Data extracted from a collection:
════════════════

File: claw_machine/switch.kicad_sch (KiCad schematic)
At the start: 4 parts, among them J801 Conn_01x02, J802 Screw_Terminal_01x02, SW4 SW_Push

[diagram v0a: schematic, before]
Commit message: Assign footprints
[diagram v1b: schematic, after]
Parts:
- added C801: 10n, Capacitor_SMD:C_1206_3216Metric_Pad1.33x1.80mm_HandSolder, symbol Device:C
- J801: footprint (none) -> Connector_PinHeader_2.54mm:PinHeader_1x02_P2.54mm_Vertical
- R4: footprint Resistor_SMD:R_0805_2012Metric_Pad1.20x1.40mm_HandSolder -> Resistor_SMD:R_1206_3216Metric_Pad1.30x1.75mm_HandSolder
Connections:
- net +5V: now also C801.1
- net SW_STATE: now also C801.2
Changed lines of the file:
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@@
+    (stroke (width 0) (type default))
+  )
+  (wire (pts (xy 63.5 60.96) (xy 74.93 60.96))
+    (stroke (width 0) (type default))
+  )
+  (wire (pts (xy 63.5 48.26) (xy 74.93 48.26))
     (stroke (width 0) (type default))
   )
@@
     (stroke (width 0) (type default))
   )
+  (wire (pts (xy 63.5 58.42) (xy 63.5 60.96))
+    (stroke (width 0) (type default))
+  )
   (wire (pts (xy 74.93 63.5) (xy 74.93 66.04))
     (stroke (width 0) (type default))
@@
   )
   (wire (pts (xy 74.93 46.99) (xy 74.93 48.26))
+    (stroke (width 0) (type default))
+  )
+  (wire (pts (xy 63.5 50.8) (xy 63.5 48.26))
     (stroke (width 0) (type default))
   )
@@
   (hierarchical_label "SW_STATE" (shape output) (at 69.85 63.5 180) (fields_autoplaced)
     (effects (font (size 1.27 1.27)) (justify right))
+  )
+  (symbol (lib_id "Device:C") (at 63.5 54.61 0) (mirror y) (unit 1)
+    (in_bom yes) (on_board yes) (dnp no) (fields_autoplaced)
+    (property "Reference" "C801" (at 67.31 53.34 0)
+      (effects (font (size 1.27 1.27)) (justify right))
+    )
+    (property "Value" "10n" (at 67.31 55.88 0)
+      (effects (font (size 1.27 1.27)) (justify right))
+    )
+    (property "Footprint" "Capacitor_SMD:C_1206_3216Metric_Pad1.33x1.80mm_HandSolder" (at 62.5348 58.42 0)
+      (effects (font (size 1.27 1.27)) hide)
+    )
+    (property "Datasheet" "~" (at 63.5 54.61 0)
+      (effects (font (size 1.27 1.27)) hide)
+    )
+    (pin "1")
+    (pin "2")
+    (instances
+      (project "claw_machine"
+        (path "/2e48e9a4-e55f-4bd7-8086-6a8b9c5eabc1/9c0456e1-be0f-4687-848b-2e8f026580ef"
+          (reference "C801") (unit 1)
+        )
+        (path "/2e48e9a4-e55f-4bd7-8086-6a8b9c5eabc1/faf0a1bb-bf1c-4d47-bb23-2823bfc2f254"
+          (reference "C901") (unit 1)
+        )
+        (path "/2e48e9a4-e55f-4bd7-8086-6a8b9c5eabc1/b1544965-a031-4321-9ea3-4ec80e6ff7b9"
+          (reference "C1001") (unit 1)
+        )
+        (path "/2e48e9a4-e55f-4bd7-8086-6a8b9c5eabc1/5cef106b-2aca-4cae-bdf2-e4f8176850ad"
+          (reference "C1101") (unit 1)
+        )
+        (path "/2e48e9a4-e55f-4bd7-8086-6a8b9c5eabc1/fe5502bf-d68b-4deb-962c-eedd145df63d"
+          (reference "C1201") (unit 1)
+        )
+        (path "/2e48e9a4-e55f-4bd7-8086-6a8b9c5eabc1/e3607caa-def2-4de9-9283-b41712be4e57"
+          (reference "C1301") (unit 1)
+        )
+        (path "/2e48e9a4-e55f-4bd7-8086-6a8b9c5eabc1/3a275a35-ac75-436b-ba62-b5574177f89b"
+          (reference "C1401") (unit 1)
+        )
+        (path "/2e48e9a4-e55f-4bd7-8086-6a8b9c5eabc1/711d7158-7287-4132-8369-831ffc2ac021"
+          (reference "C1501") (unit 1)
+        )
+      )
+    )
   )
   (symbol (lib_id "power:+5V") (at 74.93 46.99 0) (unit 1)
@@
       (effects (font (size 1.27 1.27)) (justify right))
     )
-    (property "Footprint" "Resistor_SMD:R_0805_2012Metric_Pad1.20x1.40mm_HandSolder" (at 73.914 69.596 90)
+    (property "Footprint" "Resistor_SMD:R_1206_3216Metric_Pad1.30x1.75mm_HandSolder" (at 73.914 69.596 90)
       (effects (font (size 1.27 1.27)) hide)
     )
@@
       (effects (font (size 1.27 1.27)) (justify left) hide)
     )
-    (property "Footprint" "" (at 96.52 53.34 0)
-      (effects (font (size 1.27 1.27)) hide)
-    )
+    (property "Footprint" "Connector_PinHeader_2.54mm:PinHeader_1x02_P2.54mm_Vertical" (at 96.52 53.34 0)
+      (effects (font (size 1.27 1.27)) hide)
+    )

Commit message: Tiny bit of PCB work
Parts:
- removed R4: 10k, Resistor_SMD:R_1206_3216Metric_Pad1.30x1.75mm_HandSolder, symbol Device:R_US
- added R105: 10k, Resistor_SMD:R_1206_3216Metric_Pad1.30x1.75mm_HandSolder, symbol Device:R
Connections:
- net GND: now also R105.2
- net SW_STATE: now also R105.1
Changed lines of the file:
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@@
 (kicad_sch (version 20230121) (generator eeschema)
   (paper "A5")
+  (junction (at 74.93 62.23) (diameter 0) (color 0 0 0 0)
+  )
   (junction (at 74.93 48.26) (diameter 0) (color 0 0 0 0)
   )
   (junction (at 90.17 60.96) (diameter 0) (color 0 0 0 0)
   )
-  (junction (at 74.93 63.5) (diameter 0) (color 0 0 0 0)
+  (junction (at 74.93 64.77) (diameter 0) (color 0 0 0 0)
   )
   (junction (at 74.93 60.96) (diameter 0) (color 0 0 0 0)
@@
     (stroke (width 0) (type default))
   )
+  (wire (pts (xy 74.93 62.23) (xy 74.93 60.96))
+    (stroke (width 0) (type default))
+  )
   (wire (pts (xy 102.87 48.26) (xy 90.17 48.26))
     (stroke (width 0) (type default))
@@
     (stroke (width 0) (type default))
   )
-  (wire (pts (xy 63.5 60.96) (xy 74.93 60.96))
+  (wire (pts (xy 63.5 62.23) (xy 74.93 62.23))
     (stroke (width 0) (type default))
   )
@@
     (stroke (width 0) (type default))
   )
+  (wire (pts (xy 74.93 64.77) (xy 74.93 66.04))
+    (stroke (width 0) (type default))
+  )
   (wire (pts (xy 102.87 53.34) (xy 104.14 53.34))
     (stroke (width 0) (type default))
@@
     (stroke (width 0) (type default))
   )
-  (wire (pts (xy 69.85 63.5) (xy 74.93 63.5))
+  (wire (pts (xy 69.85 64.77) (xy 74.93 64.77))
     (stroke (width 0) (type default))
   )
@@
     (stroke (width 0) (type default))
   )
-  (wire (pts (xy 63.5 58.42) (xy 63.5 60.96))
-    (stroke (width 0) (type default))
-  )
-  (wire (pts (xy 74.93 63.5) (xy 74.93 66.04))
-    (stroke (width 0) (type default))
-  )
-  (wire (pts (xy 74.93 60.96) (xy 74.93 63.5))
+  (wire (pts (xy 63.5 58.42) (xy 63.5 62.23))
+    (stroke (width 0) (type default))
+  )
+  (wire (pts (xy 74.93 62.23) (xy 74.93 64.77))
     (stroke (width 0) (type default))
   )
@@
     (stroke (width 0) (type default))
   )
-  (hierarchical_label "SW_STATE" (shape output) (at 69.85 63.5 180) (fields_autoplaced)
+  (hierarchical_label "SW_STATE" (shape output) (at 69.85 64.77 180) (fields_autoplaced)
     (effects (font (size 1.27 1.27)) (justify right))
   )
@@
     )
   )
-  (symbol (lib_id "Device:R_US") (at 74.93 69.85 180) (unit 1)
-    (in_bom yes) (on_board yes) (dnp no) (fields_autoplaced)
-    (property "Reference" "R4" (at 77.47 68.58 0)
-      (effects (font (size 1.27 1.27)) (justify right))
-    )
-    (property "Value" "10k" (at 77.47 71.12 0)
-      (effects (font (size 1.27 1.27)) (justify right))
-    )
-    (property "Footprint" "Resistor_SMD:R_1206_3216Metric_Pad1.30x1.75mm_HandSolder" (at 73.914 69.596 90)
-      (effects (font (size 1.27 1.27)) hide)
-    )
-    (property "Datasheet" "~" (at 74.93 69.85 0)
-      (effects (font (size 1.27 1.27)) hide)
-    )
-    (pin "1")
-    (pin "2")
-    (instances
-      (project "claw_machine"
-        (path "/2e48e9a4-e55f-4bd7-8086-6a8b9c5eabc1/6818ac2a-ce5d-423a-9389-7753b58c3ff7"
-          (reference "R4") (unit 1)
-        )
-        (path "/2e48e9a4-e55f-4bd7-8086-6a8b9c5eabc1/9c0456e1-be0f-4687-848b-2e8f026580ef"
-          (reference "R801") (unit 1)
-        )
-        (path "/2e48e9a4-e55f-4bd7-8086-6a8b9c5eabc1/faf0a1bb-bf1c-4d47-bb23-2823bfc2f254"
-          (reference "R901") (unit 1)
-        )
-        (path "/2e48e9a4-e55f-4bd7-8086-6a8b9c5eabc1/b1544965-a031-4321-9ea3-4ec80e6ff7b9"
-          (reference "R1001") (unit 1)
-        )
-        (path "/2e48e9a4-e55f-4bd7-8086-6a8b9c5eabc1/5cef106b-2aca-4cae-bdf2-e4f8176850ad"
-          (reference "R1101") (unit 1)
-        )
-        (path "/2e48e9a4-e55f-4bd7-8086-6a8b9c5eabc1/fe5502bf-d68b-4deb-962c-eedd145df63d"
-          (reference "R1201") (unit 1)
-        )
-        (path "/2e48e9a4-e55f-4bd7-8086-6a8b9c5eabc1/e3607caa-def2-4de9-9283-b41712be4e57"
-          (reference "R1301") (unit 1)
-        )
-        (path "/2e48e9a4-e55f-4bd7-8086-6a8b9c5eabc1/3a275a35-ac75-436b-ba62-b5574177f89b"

════════════════

What the task asks:
Retype only this portion of the data above: the line containing "- net GND: now also R105.2", the line containing "60.96) (xy 74.93 63.5))", and all lines between them, exactly.

Solution to the exercise:
- net GND: now also R105.2
- net SW_STATE: now also R105.1
Changed lines of the file:
@@
 (kicad_sch (version 20230121) (generator eeschema)
   (paper "A5")
+  (junction (at 74.93 62.23) (diameter 0) (color 0 0 0 0)
+  )
   (junction (at 74.93 48.26) (diameter 0) (color 0 0 0 0)
   )
   (junction (at 90.17 60.96) (diameter 0) (color 0 0 0 0)
   )
-  (junction (at 74.93 63.5) (diameter 0) (color 0 0 0 0)
+  (junction (at 74.93 64.77) (diameter 0) (color 0 0 0 0)
   )
   (junction (at 74.93 60.96) (diameter 0) (color 0 0 0 0)
@@
     (stroke (width 0) (type default))
   )
+  (wire (pts (xy 74.93 62.23) (xy 74.93 60.96))
+    (stroke (width 0) (type default))
+  )
   (wire (pts (xy 102.87 48.26) (xy 90.17 48.26))
     (stroke (width 0) (type default))
@@
     (stroke (width 0) (type default))
   )
-  (wire (pts (xy 63.5 60.96) (xy 74.93 60.96))
+  (wire (pts (xy 63.5 62.23) (xy 74.93 62.23))
     (stroke (width 0) (type default))
   )
@@
     (stroke (width 0) (type default))
   )
+  (wire (pts (xy 74.93 64.77) (xy 74.93 66.04))
+    (stroke (width 0) (type default))
+  )
   (wire (pts (xy 102.87 53.34) (xy 104.14 53.34))
     (stroke (width 0) (type default))
@@
     (stroke (width 0) (type default))
   )
-  (wire (pts (xy 69.85 63.5) (xy 74.93 63.5))
+  (wire (pts (xy 69.85 64.77) (xy 74.93 64.77))
     (stroke (width 0) (type default))
   )
@@
     (stroke (width 0) (type default))
   )
-  (wire (pts (xy 63.5 58.42) (xy 63.5 60.96))
-    (stroke (width 0) (type default))
-  )
-  (wire (pts (xy 74.93 63.5) (xy 74.93 66.04))
-    (stroke (width 0) (type default))
-  )
-  (wire (pts (xy 74.93 60.96) (xy 74.93 63.5))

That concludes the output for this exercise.